▸ **Requirement**:
Below are records to reproduce in full; copy them exactly but keep the pictures out.

##############################

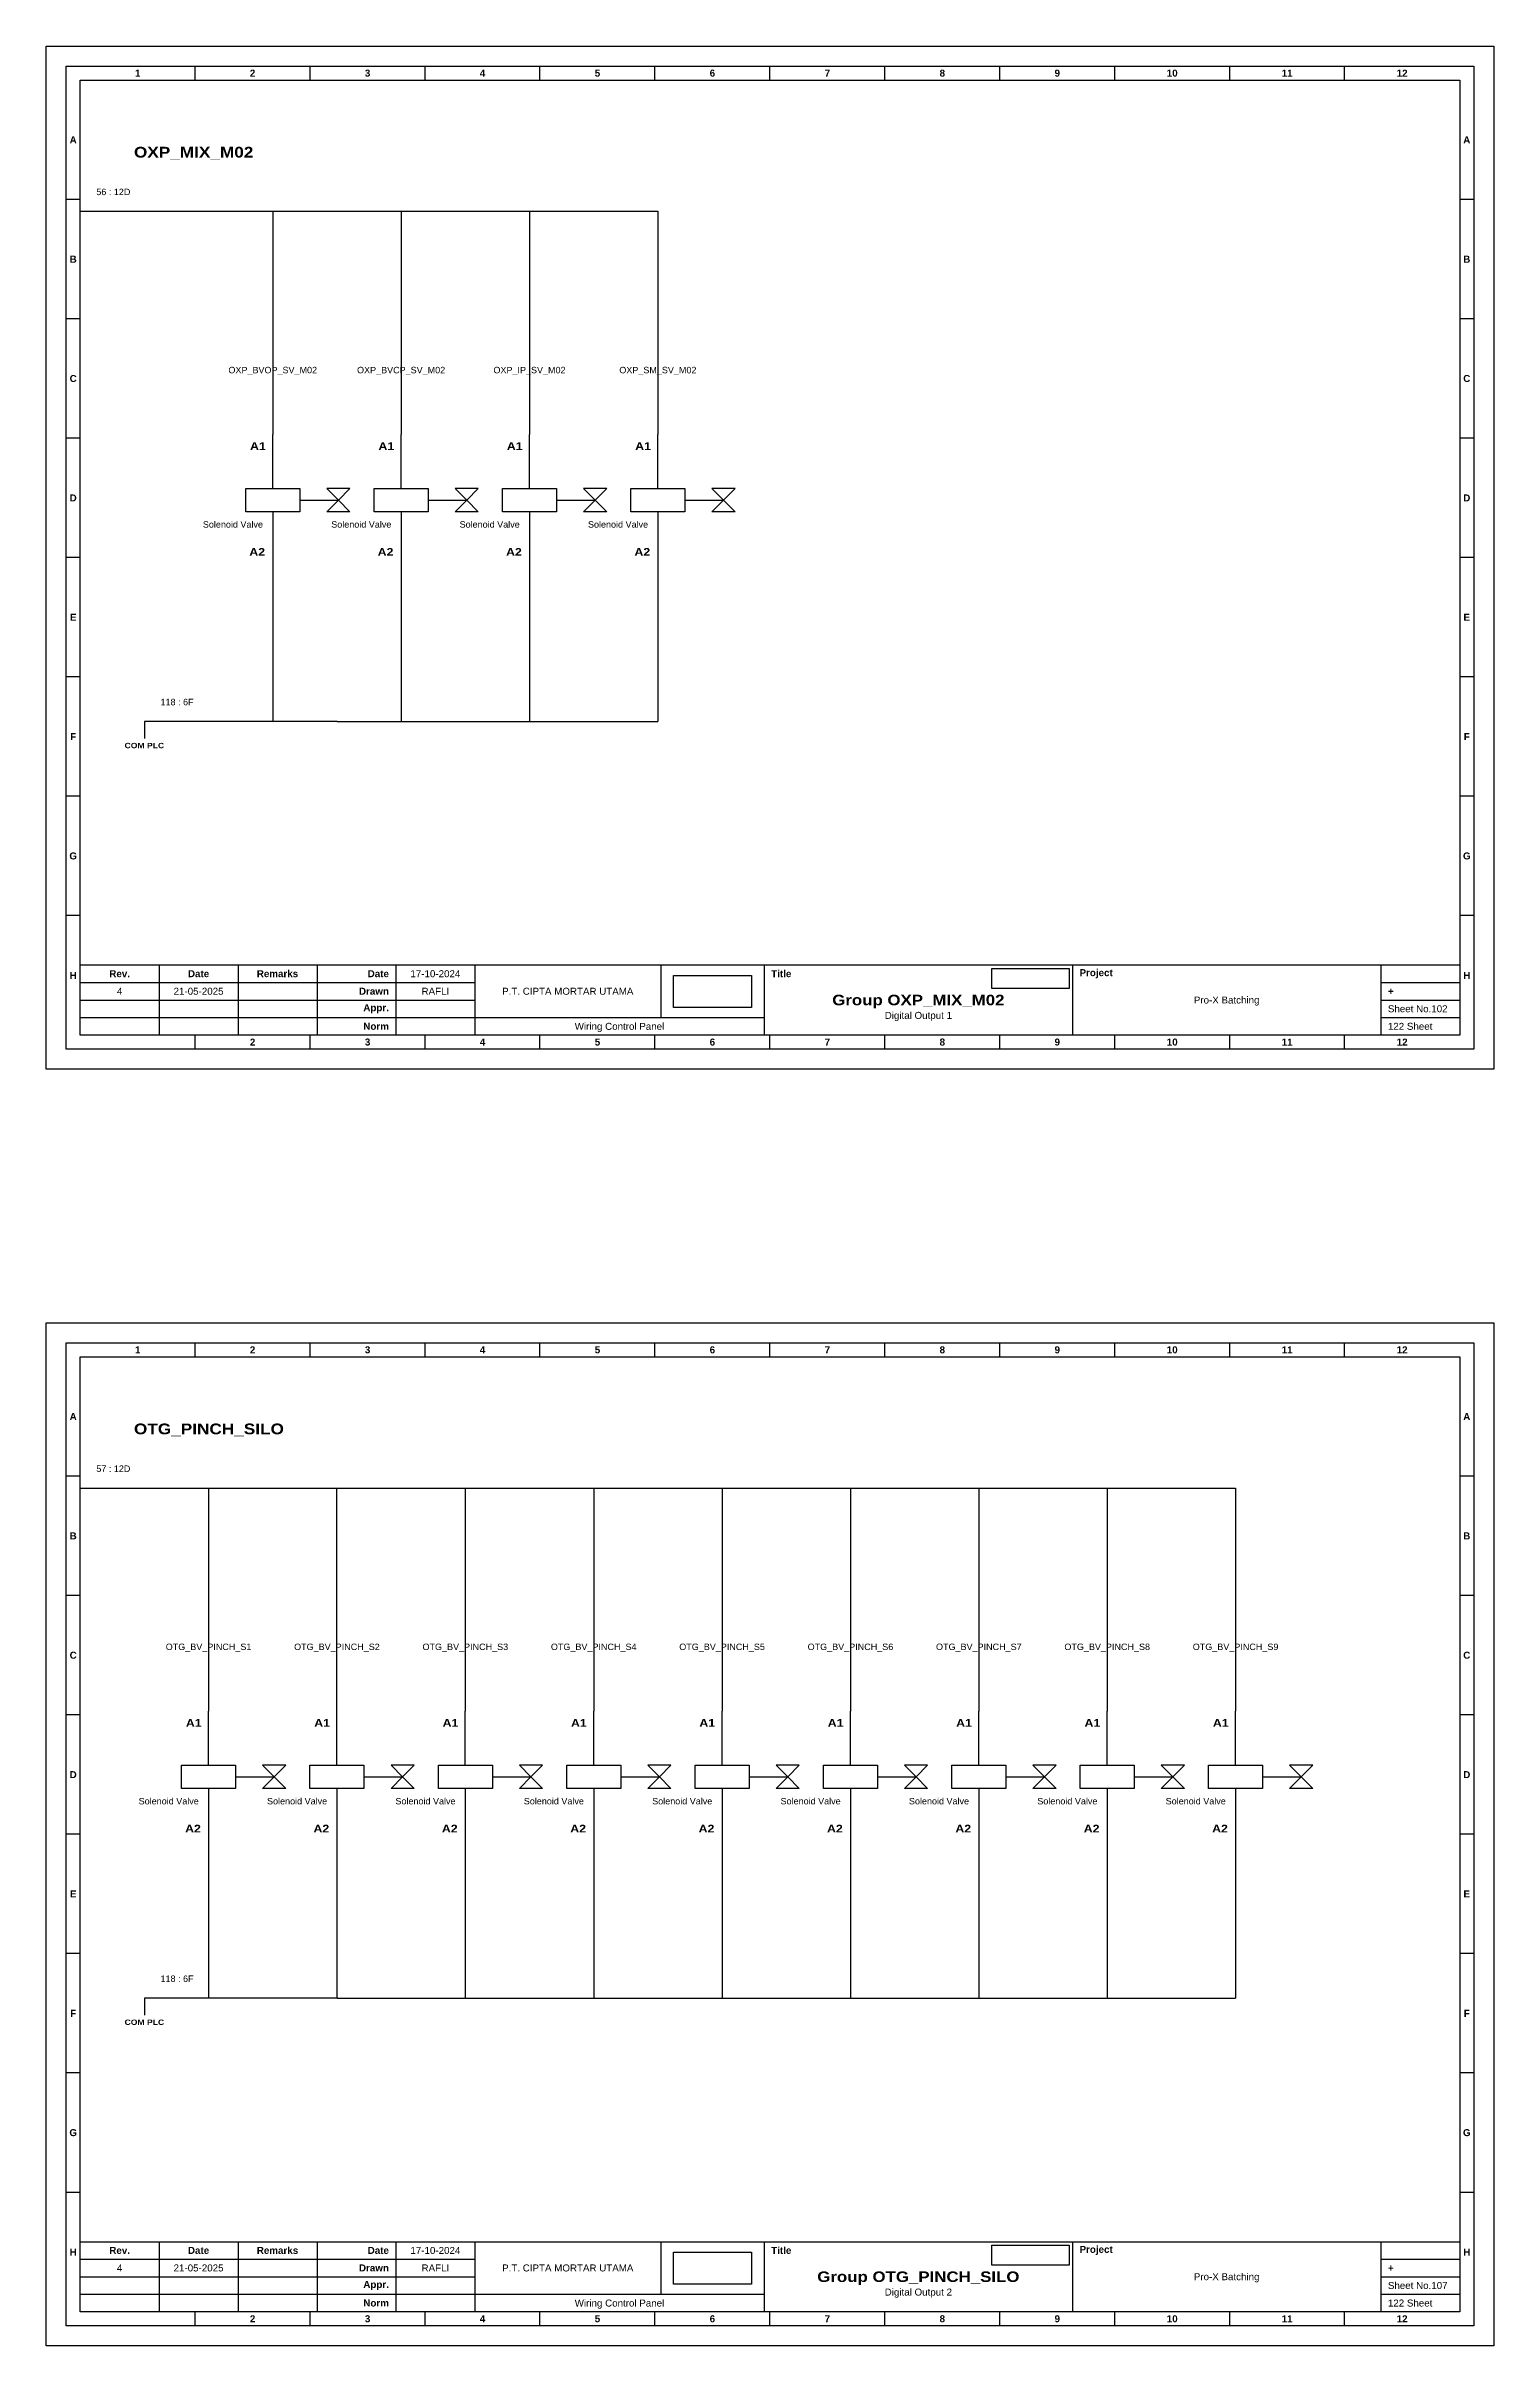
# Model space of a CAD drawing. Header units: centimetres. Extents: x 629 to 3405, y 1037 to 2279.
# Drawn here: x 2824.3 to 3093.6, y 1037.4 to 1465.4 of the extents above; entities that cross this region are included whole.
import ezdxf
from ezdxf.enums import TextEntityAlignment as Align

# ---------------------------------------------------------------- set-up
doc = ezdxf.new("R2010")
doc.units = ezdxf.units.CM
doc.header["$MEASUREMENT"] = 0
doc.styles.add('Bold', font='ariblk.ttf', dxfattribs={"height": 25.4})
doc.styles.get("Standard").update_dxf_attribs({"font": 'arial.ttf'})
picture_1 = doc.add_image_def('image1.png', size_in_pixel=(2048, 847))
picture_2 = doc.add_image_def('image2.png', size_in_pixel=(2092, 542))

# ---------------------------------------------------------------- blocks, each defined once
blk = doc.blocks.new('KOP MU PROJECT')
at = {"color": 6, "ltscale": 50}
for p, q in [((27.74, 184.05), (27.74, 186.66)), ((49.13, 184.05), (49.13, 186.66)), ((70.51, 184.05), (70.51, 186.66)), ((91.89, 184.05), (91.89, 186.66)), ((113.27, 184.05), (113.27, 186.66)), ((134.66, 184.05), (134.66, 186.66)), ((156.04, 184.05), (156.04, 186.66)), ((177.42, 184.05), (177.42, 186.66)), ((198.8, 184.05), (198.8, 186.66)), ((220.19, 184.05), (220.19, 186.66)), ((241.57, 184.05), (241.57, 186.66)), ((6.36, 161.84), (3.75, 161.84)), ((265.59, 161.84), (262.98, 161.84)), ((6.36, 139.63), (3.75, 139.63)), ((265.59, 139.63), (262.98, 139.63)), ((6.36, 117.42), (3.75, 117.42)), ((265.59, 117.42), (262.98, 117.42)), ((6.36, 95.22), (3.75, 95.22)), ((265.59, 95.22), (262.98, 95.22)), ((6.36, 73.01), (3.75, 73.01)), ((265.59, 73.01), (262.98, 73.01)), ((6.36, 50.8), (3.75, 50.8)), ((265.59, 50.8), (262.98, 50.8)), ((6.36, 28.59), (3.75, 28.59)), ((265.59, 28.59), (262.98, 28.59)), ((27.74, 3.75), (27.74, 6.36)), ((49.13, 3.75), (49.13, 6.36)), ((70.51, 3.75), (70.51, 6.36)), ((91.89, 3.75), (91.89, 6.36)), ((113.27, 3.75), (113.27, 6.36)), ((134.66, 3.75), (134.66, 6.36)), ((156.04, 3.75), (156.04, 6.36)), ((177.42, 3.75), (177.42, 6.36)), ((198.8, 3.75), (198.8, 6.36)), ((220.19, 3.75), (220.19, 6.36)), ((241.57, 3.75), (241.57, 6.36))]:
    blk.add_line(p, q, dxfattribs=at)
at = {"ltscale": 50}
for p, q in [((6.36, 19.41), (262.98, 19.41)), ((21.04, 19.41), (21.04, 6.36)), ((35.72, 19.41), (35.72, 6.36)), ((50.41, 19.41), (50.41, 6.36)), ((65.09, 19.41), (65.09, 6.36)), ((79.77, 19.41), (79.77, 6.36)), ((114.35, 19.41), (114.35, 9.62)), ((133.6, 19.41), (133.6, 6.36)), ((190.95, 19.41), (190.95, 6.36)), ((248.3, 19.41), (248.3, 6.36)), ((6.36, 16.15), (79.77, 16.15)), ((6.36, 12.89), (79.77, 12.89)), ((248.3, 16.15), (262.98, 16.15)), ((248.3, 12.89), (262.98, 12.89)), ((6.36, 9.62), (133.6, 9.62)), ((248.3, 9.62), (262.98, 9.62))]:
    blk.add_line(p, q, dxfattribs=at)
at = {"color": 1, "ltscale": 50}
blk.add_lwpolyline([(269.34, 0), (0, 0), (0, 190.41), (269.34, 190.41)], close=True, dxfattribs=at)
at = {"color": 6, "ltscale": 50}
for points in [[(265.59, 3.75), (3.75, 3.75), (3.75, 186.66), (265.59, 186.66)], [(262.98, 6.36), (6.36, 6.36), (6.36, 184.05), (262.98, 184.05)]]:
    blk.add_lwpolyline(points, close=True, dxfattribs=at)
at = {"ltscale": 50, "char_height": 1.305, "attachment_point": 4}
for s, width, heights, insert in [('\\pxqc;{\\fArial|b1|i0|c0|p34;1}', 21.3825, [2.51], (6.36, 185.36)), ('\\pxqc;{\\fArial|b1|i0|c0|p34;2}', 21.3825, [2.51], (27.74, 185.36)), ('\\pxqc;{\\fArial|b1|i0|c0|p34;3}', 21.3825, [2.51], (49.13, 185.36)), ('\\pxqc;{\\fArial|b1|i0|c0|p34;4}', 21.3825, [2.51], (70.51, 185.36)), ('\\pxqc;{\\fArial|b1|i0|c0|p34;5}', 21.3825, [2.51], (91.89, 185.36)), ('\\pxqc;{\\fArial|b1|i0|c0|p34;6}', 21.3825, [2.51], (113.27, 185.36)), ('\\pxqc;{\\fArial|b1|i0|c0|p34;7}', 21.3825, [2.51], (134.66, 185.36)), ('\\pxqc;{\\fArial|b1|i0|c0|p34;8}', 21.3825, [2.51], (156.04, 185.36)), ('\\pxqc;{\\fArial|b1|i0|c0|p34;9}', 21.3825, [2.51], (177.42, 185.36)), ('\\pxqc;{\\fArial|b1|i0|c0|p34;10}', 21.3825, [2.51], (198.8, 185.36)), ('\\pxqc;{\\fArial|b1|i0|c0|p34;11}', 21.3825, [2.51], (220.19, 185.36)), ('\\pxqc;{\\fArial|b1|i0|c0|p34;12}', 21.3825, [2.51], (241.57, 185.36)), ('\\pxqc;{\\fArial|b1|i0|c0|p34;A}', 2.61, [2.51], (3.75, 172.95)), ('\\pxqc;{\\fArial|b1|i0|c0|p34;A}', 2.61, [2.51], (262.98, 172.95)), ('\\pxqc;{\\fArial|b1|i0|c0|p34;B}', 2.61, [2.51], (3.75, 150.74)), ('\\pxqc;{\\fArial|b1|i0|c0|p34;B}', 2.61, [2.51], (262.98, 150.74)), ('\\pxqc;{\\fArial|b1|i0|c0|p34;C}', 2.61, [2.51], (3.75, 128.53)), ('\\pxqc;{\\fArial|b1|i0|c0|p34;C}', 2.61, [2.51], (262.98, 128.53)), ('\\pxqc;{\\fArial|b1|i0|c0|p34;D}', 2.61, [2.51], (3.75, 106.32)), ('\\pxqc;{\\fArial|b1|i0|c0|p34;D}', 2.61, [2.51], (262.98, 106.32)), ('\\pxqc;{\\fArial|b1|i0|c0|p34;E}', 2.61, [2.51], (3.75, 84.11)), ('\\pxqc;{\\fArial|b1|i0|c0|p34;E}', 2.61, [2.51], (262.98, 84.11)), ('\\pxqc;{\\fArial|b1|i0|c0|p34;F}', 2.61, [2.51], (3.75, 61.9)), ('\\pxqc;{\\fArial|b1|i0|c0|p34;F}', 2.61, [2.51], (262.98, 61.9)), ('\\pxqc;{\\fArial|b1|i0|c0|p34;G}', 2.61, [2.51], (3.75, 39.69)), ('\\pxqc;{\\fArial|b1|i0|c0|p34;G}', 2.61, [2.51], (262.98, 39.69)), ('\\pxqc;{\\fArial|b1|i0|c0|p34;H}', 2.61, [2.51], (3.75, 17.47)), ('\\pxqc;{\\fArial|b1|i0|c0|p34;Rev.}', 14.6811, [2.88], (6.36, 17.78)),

##############################

▸ **Response to this exercise**:
# Model space of a CAD drawing. Header units: centimetres. Extents: x 629 to 3405, y 1037 to 2279.
# Drawn here: x 2824.3 to 3093.6, y 1037.4 to 1465.4 of the extents above; entities that cross this region are included whole.
import ezdxf
from ezdxf.enums import TextEntityAlignment as Align

# ---------------------------------------------------------------- set-up
doc = ezdxf.new("R2010")
doc.units = ezdxf.units.CM
doc.header["$MEASUREMENT"] = 0
doc.styles.add('Bold', font='ariblk.ttf', dxfattribs={"height": 25.4})
doc.styles.get("Standard").update_dxf_attribs({"font": 'arial.ttf'})
picture_1 = doc.add_image_def('image1.png', size_in_pixel=(2048, 847))
picture_2 = doc.add_image_def('image2.png', size_in_pixel=(2092, 542))

# ---------------------------------------------------------------- blocks, each defined once
blk = doc.blocks.new('KOP MU PROJECT')
at = {"color": 6, "ltscale": 50}
for p, q in [((27.74, 184.05), (27.74, 186.66)), ((49.13, 184.05), (49.13, 186.66)), ((70.51, 184.05), (70.51, 186.66)), ((91.89, 184.05), (91.89, 186.66)), ((113.27, 184.05), (113.27, 186.66)), ((134.66, 184.05), (134.66, 186.66)), ((156.04, 184.05), (156.04, 186.66)), ((177.42, 184.05), (177.42, 186.66)), ((198.8, 184.05), (198.8, 186.66)), ((220.19, 184.05), (220.19, 186.66)), ((241.57, 184.05), (241.57, 186.66)), ((6.36, 161.84), (3.75, 161.84)), ((265.59, 161.84), (262.98, 161.84)), ((6.36, 139.63), (3.75, 139.63)), ((265.59, 139.63), (262.98, 139.63)), ((6.36, 117.42), (3.75, 117.42)), ((265.59, 117.42), (262.98, 117.42)), ((6.36, 95.22), (3.75, 95.22)), ((265.59, 95.22), (262.98, 95.22)), ((6.36, 73.01), (3.75, 73.01)), ((265.59, 73.01), (262.98, 73.01)), ((6.36, 50.8), (3.75, 50.8)), ((265.59, 50.8), (262.98, 50.8)), ((6.36, 28.59), (3.75, 28.59)), ((265.59, 28.59), (262.98, 28.59)), ((27.74, 3.75), (27.74, 6.36)), ((49.13, 3.75), (49.13, 6.36)), ((70.51, 3.75), (70.51, 6.36)), ((91.89, 3.75), (91.89, 6.36)), ((113.27, 3.75), (113.27, 6.36)), ((134.66, 3.75), (134.66, 6.36)), ((156.04, 3.75), (156.04, 6.36)), ((177.42, 3.75), (177.42, 6.36)), ((198.8, 3.75), (198.8, 6.36)), ((220.19, 3.75), (220.19, 6.36)), ((241.57, 3.75), (241.57, 6.36))]:
    blk.add_line(p, q, dxfattribs=at)
at = {"ltscale": 50}
for p, q in [((6.36, 19.41), (262.98, 19.41)), ((21.04, 19.41), (21.04, 6.36)), ((35.72, 19.41), (35.72, 6.36)), ((50.41, 19.41), (50.41, 6.36)), ((65.09, 19.41), (65.09, 6.36)), ((79.77, 19.41), (79.77, 6.36)), ((114.35, 19.41), (114.35, 9.62)), ((133.6, 19.41), (133.6, 6.36)), ((190.95, 19.41), (190.95, 6.36)), ((248.3, 19.41), (248.3, 6.36)), ((6.36, 16.15), (79.77, 16.15)), ((6.36, 12.89), (79.77, 12.89)), ((248.3, 16.15), (262.98, 16.15)), ((248.3, 12.89), (262.98, 12.89)), ((6.36, 9.62), (133.6, 9.62)), ((248.3, 9.62), (262.98, 9.62))]:
    blk.add_line(p, q, dxfattribs=at)
at = {"color": 1, "ltscale": 50}
blk.add_lwpolyline([(269.34, 0), (0, 0), (0, 190.41), (269.34, 190.41)], close=True, dxfattribs=at)
at = {"color": 6, "ltscale": 50}
for points in [[(265.59, 3.75), (3.75, 3.75), (3.75, 186.66), (265.59, 186.66)], [(262.98, 6.36), (6.36, 6.36), (6.36, 184.05), (262.98, 184.05)]]:
    blk.add_lwpolyline(points, close=True, dxfattribs=at)
at = {"ltscale": 50, "char_height": 1.305, "attachment_point": 4}
for s, width, heights, insert in [('\\pxqc;{\\fArial|b1|i0|c0|p34;1}', 21.3825, [2.51], (6.36, 185.36)), ('\\pxqc;{\\fArial|b1|i0|c0|p34;2}', 21.3825, [2.51], (27.74, 185.36)), ('\\pxqc;{\\fArial|b1|i0|c0|p34;3}', 21.3825, [2.51], (49.13, 185.36)), ('\\pxqc;{\\fArial|b1|i0|c0|p34;4}', 21.3825, [2.51], (70.51, 185.36)), ('\\pxqc;{\\fArial|b1|i0|c0|p34;5}', 21.3825, [2.51], (91.89, 185.36)), ('\\pxqc;{\\fArial|b1|i0|c0|p34;6}', 21.3825, [2.51], (113.27, 185.36)), ('\\pxqc;{\\fArial|b1|i0|c0|p34;7}', 21.3825, [2.51], (134.66, 185.36)), ('\\pxqc;{\\fArial|b1|i0|c0|p34;8}', 21.3825, [2.51], (156.04, 185.36)), ('\\pxqc;{\\fArial|b1|i0|c0|p34;9}', 21.3825, [2.51], (177.42, 185.36)), ('\\pxqc;{\\fArial|b1|i0|c0|p34;10}', 21.3825, [2.51], (198.8, 185.36)), ('\\pxqc;{\\fArial|b1|i0|c0|p34;11}', 21.3825, [2.51], (220.19, 185.36)), ('\\pxqc;{\\fArial|b1|i0|c0|p34;12}', 21.3825, [2.51], (241.57, 185.36)), ('\\pxqc;{\\fArial|b1|i0|c0|p34;A}', 2.61, [2.51], (3.75, 172.95)), ('\\pxqc;{\\fArial|b1|i0|c0|p34;A}', 2.61, [2.51], (262.98, 172.95)), ('\\pxqc;{\\fArial|b1|i0|c0|p34;B}', 2.61, [2.51], (3.75, 150.74)), ('\\pxqc;{\\fArial|b1|i0|c0|p34;B}', 2.61, [2.51], (262.98, 150.74)), ('\\pxqc;{\\fArial|b1|i0|c0|p34;C}', 2.61, [2.51], (3.75, 128.53)), ('\\pxqc;{\\fArial|b1|i0|c0|p34;C}', 2.61, [2.51], (262.98, 128.53)), ('\\pxqc;{\\fArial|b1|i0|c0|p34;D}', 2.61, [2.51], (3.75, 106.32)), ('\\pxqc;{\\fArial|b1|i0|c0|p34;D}', 2.61, [2.51], (262.98, 106.32)), ('\\pxqc;{\\fArial|b1|i0|c0|p34;E}', 2.61, [2.51], (3.75, 84.11)), ('\\pxqc;{\\fArial|b1|i0|c0|p34;E}', 2.61, [2.51], (262.98, 84.11)), ('\\pxqc;{\\fArial|b1|i0|c0|p34;F}', 2.61, [2.51], (3.75, 61.9)), ('\\pxqc;{\\fArial|b1|i0|c0|p34;F}', 2.61, [2.51], (262.98, 61.9)), ('\\pxqc;{\\fArial|b1|i0|c0|p34;G}', 2.61, [2.51], (3.75, 39.69)), ('\\pxqc;{\\fArial|b1|i0|c0|p34;G}', 2.61, [2.51], (262.98, 39.69)), ('\\pxqc;{\\fArial|b1|i0|c0|p34;H}', 2.61, [2.51], (3.75, 17.47)), ('\\pxqc;{\\fArial|b1|i0|c0|p34;Rev.}', 14.6811, [2.88], (6.36, 17.78)),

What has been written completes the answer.